# Heat birding in Mexico: Merida and where else



## roni (May 12, 2009)

Hi all,

We are going to move to Mexico in about 20 months.

We really like the Yucatan Peninsula, and I think we are going live in Merida.

Downside: it gets real hot there. After a decade in the Pacific Northwest, I have some concerns about our ability to acclimate to tropical heat again. I grew up in tropical Brasil and we both survived summers in the lower midwest for years, but air-conditioning was probably not as expensive.

Possible solution: live somewhere else 2-4 months a year, or for a couple of weeks at a time several times a year. I know Hound Dog has two houses in different parts of Mexico.

Anyone else doing some version of heat-birding within Mexico, or running away from the heat several times a year for a couple of weeks at a time?

Ron


----------



## RVGRINGO (May 16, 2007)

Make that 4-6 months of the year and add the cost of hiring people to take care of both properties and it gets pretty expensive; much too rich for my blood and advanced age. I would rather have one home in a comfortable climate with our pets, friends and minimal help allowing us to travel, when we wish, to a variety of places for shorter adventures.
To each his own, but I can't stand heat and humidity, rust, mildew and I really don't like air conditioning anyway; having grown up in the frozen north country.


----------



## roni (May 12, 2009)

Thank you for your for your prompt and definite response.

Seems like it could be less expensive than snowbirding from the north, but it definitely could be more expensive than just living at one place and staying there most of the time.

Would still like to hear from others.

We had been in the Pacific Northwest for 3 years when we first went to the Yucatan Peninsula. The wife said it was the first time she had been warm since we had moved to the Northwest


----------



## maesonna (Jun 10, 2008)

Cuernavaca is known as the land of eternal Spring. Its reputation, not altogether undeserved, is that it has the perfect climate year-round; neither too hot nor too cold.


----------



## roni (May 12, 2009)

So are you suggesting Cuernavaca as an May-Sept place.

I do not think we would want to go to the same place each year, which is on of the attractions of several escape from the heat vacations a year. It would be easier to explore multiple places if one did not go back to the same place each year.


----------



## maesonna (Jun 10, 2008)

Cuernavaca is good year round, you could go there at any time of the year and it would probably be better than what you're escaping from.


----------



## makaloco (Mar 26, 2009)

Don't listen to anyone, even me. ;-)
People's internal thermostats vary greatly. I've seen claims of "perfect weather" for places where daytime highs rarely reach the 80s. My area is one in which most foreigners bail out for summer because they think it's intolerable because everybody else bails out for summer. The majority of them have never actually spent a summer here. I don't know Merida, but my advice would be to try it before committing to anything. Have an emergency escape fund in case you find you really can't stand the weather, especially for the first couple of years. But if you like the place, give it a chance.


----------



## El Toro Furioso (May 13, 2007)

We live from November 1 to the end of June in La Manzanilla on the Costa Alegre about an hour north of Manzanillo and 200 Km south of Puerto Vallarta. We have kept our rental home on Lake Chapala for the rest of the time. We actually ended up spending all of July, much of August and the latter part of September here on the beach (from whence I write now), but we don't want to HAVE TO do this. It is a little too hot and especially humid right now, but we know that we can hop in the car and be back at 5,000+ feet altitude in a few hours. We also have AC (split unit) in one room here on the beach, but we almost never use it. It is good to have, though, from a psychological perspective. You can always bail if you perceive that things are getting to be too much. Right now, just knowing that the bay is a short two-plus minute walk away and the water is always inviting makes cooling off pretty convenient.
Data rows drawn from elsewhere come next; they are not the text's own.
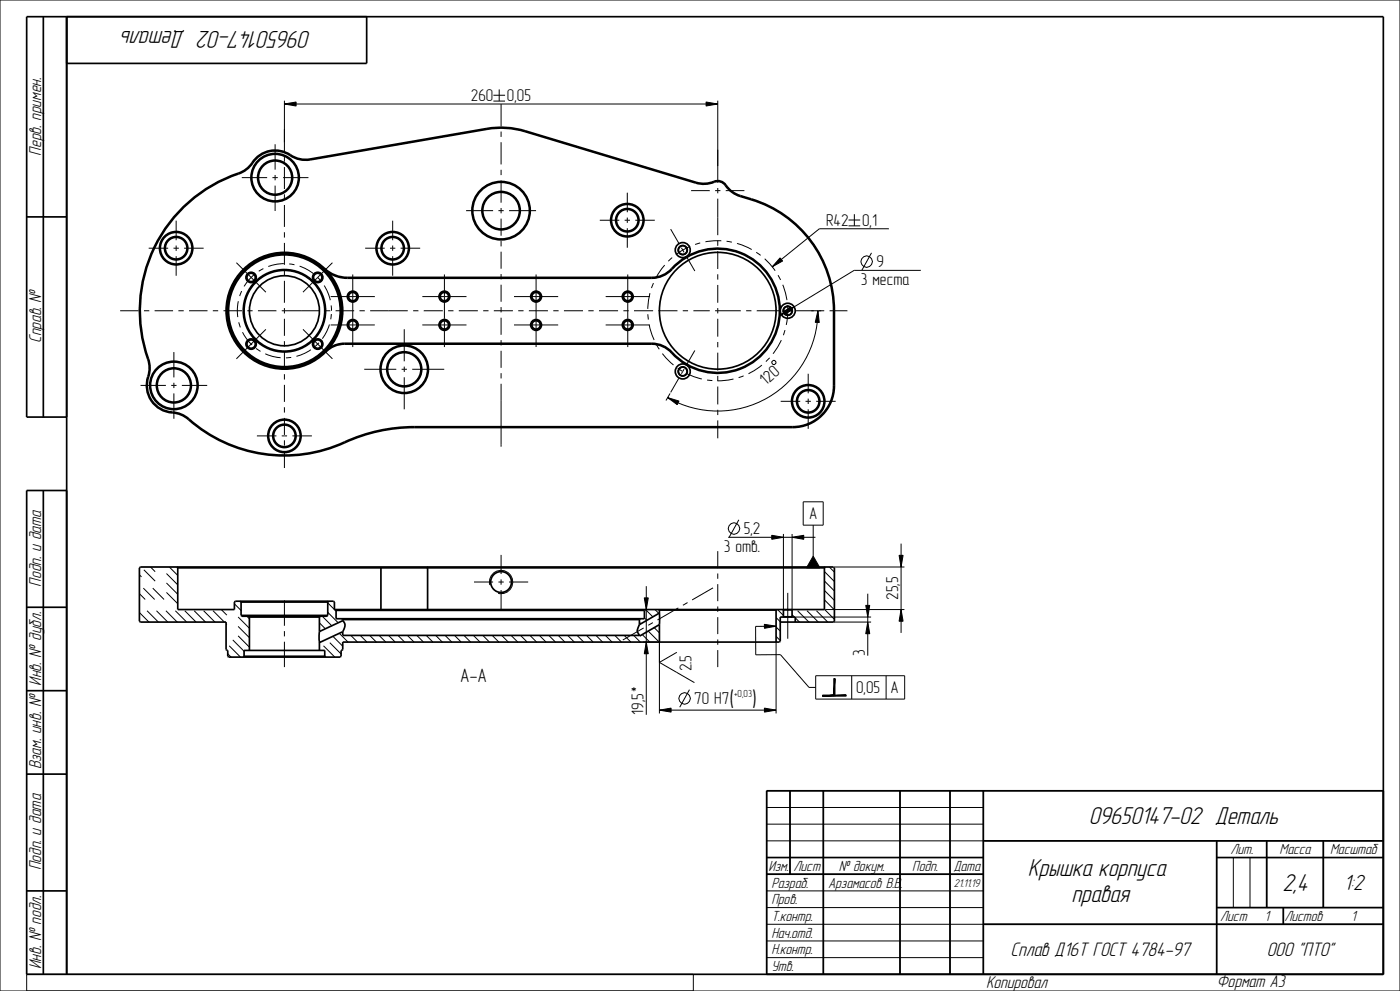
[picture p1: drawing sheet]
<svg xmlns="http://www.w3.org/2000/svg" width="420mm" height="297mm" viewBox="0 0 420 297" stroke-linecap="round" stroke-linejoin="round" font-family="sans-serif">
<g fill="none" stroke="#000" stroke-width=".51">
<path d="M13 5v120M20 5v287M110 5v14h-90M8 65h12M55.2 61.7a47.2 47.2 0 0 1 17.7-10.4l1.8-1.4a9.5 9.5 0 0 1 7-4.9 9.9 9.9 0 0 1 6.8 2.1l2.2 .6h2.3l53.1-9.2a25 25 0 0 1 11.4 .7l51.3 15.4a8.6 8.6 0 0 0 6-.4h1.1a4.6 4.6 0 0 1 2.8 2.3l1.6 1.3 1.2 .6a37.9 37.9 0 0 1 19.9 11.4 35 35 0 0 1 8.9 23.3v22.5a12.5 12.5 0 0 1-12.5 12.5h-113.5a52 52 0 0 0-23 5.5 43.6 43.6 0 0 1-45.4-8.3 11.1 11.1 0 0 0-5.9-1.8 8.3 8.3 0 0 1-5.4-11.4l.1-3a44.6 44.6 0 0 1 1.5-35 43.5 43.5 0 0 1 9-12.4zM55.4 61.9a46.2 46.2 0 0 1 17.4-10.3 11.8 11.8 0 0 0 4-4 8.1 8.1 0 0 1 10.9-.6l1.5 .6 1.5 .4 2.4-.1 53-9.2a24.8 24.8 0 0 1 11.4 .7l51.2 15.5a8.8 8.8 0 0 0 6.1-.5h1.1l.9 .4a12 12 0 0 0 4.6 3.8 37.6 37.6 0 0 1 19.8 11.4 34.7 34.7 0 0 1 8.9 23.1v22.5a12.2 12.2 0 0 1-12.3 12.3h-113.5a52.2 52.2 0 0 0-23.1 5.5 43.7 43.7 0 0 1-45.6-8.7 12.1 12.1 0 0 0-5.5-1.5 8.1 8.1 0 0 1-5.3-10.9 9.9 9.9 0 0 0-.9-6.6 43.2 43.2 0 0 1 11.5-43.8zM97.3 80.4a10 10 0 0 0 6.9 2.7h91.3a8.8 8.8 0 0 0 7-3.7 18.8 18.8 0 0 1 26.8 1.3 18.8 18.8 0 0 1-1.7 26.7 18.8 18.8 0 0 1-26.7-2.2l-1.4-1-1.5-.7-2.5-.4h-92.1a8 8 0 0 0-5.7 2.4M98.6 81.7a10.2 10.2 0 0 0 5.6 1.7h91.3a9 9 0 0 0 7.2-3.8 18.5 18.5 0 0 1 26.4 1.2 18.5 18.5 0 0 1-1.7 26.4 18.5 18.5 0 0 1-26.4-2.2l-1.4-1-1.5-.7-2.6-.4h-92.1l-2.7 .4-1.9 1M20 125h-12v-120h407v287h-407v-145h12M13 147v145M53.1 169.9l.2 .3M53.3 170.2v12.5h17v-2.3l.3-.2h29.5l.2 .2v2.3h147v-12.5"/>
<path d="M53.3 170.2h194M114.5 169.9l-.2 .3v12.5M128 169.9l.3 .3v12.5M247.6 169.9l-.3 .3M8 182h12M72.1 180.2l.2 .2M72.3 180.4v4M72.3 184.4l.3 .3h25.5l.2-.3M72.3 184.4h26M72.3 180.4h26M73.2 196.7v-1.8h24.2v1.8M73.2 196.7l-.2 .2"/>
<path d="M73.2 196.7h24.2M74.6 184.7l.2 .2M74.8 184.9v10M74.8 184.9h21M95.8 189.3l-.1 2.3 .3 .9 6.8-3.2M95.8 184.9v4.4M95.8 192.3v2.6M96.1 184.7l-.3 .2M97.4 196.7l.3 .2M98.3 180.4v4M98.6 180.2l-.3 .2M100.6 182.7l.2 .2"/>
<path d="M100.8 182.9v2.5h92.5v-2.5M100.8 182.9h92.5M102.6 185.4l.2 .3M102.8 186a2.32 2.32 0 0 1 0 3.3M102.8 185.7v.3M102.8 189.3v1.1h89M102.8 186l-7 3.3M102.8 185.7h89M191.8 187.2l-.7 2.1 .8 1.3 5.9-3.4M191.8 185.7v1.5M192.1 185.4l-.3 .3M193.6 182.7l-.3 .2"/>
<path d="M197.7 182.7l.1 .1M197.8 183.7v3.5M197.8 182.8h35M197.8 183.7l-6 3.5M197.8 182.8v.9M197.8 187.2v5.2M232.8 182.8v9.6M233 182.7l-.2 .1M234.1 186.4h16l.2-.2v-16l-.2-.3h-208l-.3 .3v16l.3 .2h25.7v8.3l.5 .2v1.8l.3 .2h33.5l.2-.2v-1.8l.5-.2v-2.3h131l.3-.2v-7.3h4.5v1.5M234.9 182.7l.1 .1M235 184.9h2.6M235 182.8h2.6"/>
<path d="M235 184.9h-.1M235 182.8v2.1M237.6 184.9h.1M237.6 182.8v2.1M237.7 182.7l-.1 .1M8 207h12M8 232h12M237 237v25M247 237v55M270 237v55M285 237v55M295 237v55"/>
<path d="M415 237h-185v55M230 257h65M295 252h120M365 257h50M365 252v40M380 252v20M397 252v20M8 267h12M230 262h65M295 277h120M365 272h50M385 272v5"/>
<circle cx="82.5" cy="53.2" r="7.3"/>
<circle cx="82.5" cy="53.2" r="7"/>
<circle cx="82.5" cy="53.2" r="5"/>
<circle cx="82.5" cy="53.2" r="5.3"/>
<circle cx="52.8" cy="74.4" r="5"/>
<circle cx="52.8" cy="74.4" r="4.8"/>
<circle cx="52.8" cy="74.4" r="3.5"/>
<circle cx="52.8" cy="74.4" r="3.3"/>
<circle cx="117.8" cy="74.4" r="5"/>
<circle cx="117.8" cy="74.4" r="4.8"/>
<circle cx="117.8" cy="74.4" r="3.5"/>
<circle cx="117.8" cy="74.4" r="3.3"/>
<circle cx="150.3" cy="63.1" r="8.8"/>
<circle cx="150.3" cy="63.1" r="8.5"/>
<circle cx="150.3" cy="63.1" r="5.8"/>
<circle cx="150.3" cy="63.1" r="5.5"/>
<circle cx="188.2" cy="66" r="5"/>
<circle cx="188.2" cy="66" r="4.8"/>
<circle cx="188.2" cy="66" r="3.5"/>
<circle cx="188.2" cy="66" r="3.3"/>
<circle cx="85.3" cy="93.1" r="17.5"/>
<circle cx="85.3" cy="93.1" r="17.3"/>
<circle cx="85.3" cy="93.1" r="17"/>
<circle cx="85.3" cy="93.1" r="16.8"/>
<circle cx="85.3" cy="93.1" r="12.4"/>
<circle cx="85.3" cy="93.1" r="12.1"/>
<circle cx="215.3" cy="93.1" r="17.5"/>
<circle cx="52.2" cy="115.5" r="7.3"/>
<circle cx="52.2" cy="115.5" r="7"/>
<circle cx="52.2" cy="115.5" r="5"/>
<circle cx="52.2" cy="115.5" r="5.3"/>
<circle cx="121.3" cy="110.7" r="7.3"/>
<circle cx="121.3" cy="110.7" r="7"/>
<circle cx="121.3" cy="110.7" r="5"/>
<circle cx="121.3" cy="110.7" r="5.3"/>
<circle cx="85.3" cy="130.6" r="5"/>
<circle cx="85.3" cy="130.6" r="4.8"/>
<circle cx="85.3" cy="130.6" r="3.5"/>
<circle cx="85.3" cy="130.6" r="3.3"/>
<circle cx="242.5" cy="120.3" r="5"/>
<circle cx="242.5" cy="120.3" r="4.8"/>
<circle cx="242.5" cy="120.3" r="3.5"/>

We are subletting our rental lakeside. Since we furnished the place, we are charging more rent that we pay. A six-month rental covers all but $650 USD rent for the other six months, so it isn't very expensive. When we only lived next to Ajijic at lakeside, we spent at least $3,500 USD per year on beach vacations to the place we call home now, so one can factor that in as well. All in all, it is cheaper for us to live 9 plus months on the beach and to keep our place on Lake Chapala than it was to live year round on Lake Chapala and pay rent for vacations on the beach for 30 days a year. Hope this perspective helps. We love living and having good Mexican friends and neighbors at both places.


----------



## roni (May 12, 2009)

Thanks a lot for the replies.

We have talked about giving Merida at least two years to see how acclimation goes. We are also planning to start in a May-June time frame, and we have considered starting in or around Lake Chapala for a few months and doing more exploration around there Pacific Coast, Colima, Guanajuato state etc).

It is going to be, we think, a grand adventure no matter how we do it. I speak enough Spanish and Spantugues to be comfortable where English is not spoken.


----------